Video forgery detection based on multilocal feature and spatiotemporal fusion

Peize Hu, Mingwen Shao, Lingzhuang Meng, Yuanjian Qiao

Published: 01 Jan 2025, Last Modified: 04 Nov 2025J. Electronic Imaging 2025EveryoneRevisionsBibTeXCC BY-SA 4.0

Abstract: Existing video forgery detection methods are able to identify manipulated faces by focusing on the entire facial region within a single frame or inconsistencies between frames. However, these methods neglect the correlation between spatial and temporal features, leading to overfitting to specific regions and poor generalization across different scenarios. To alleviate the above issues, we propose a video forgery detection scheme based on multilocal features and spatiotemporal fusion, called MLS, to capture forgery clues in both spatial and temporal domains.

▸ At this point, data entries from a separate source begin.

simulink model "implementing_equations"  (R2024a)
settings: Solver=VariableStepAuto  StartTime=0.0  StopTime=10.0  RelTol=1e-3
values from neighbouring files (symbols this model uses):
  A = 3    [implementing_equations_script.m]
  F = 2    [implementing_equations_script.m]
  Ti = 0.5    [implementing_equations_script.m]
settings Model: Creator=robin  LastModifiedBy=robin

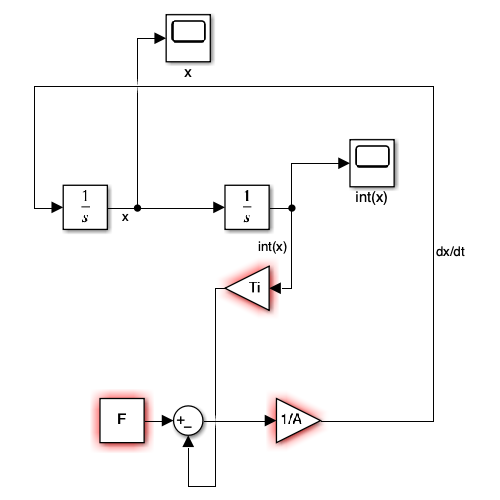
[thumbnail: Simulink's stored preview of the top-level diagram]
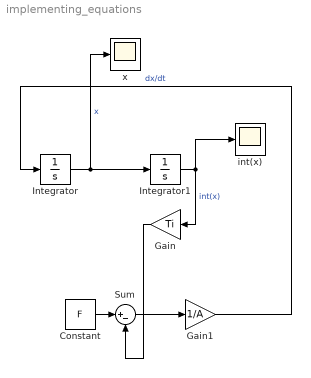
== system implementing_equations ==
  Constant : Constant  Value=F
  Gain : Gain  Gain=Ti
  Gain1 : Gain  Gain=1/A
  Integrator : Integrator
  Integrator1 : Integrator
  Sum : Sum  Inputs=|+-
  int(x) : Scope
  x : Scope
  wires:
  Integrator/1 -> Integrator1/1, x/1  "x"
  Constant/1 -> Sum/1
  Integrator1/1 -> Gain/1, int(x)/1  "int(x)"
  Gain/1 -> Sum/2
  Sum/1 -> Gain1/1
  Gain1/1 -> Integrator/1  "dx/dt"

Specifically, on the one hand, we design a multilocal feature block (MLFB) to extract local spatial features from three nonoverlapping regions, thereby alleviating the risk of overfitting specific areas. In addition, by minimizing the mutual information between features extracted from different local regions, the model learns independent forgery clues, thereby enhancing its generalization ability. On the other hand, we propose a spatial-temporal feature block (SPFB) to extract temporal features between video frames to supplement space forgery clues. By integrating multilocal and spatial-temporal features, our MLS can be more adaptable and robust in complex scenarios. Numerous experimental results have proven that our MLS outperforms state-of-the-art deep fake video detection methods in terms of detection accuracy and robustness both in-dataset and across-dataset in various deepfake videos.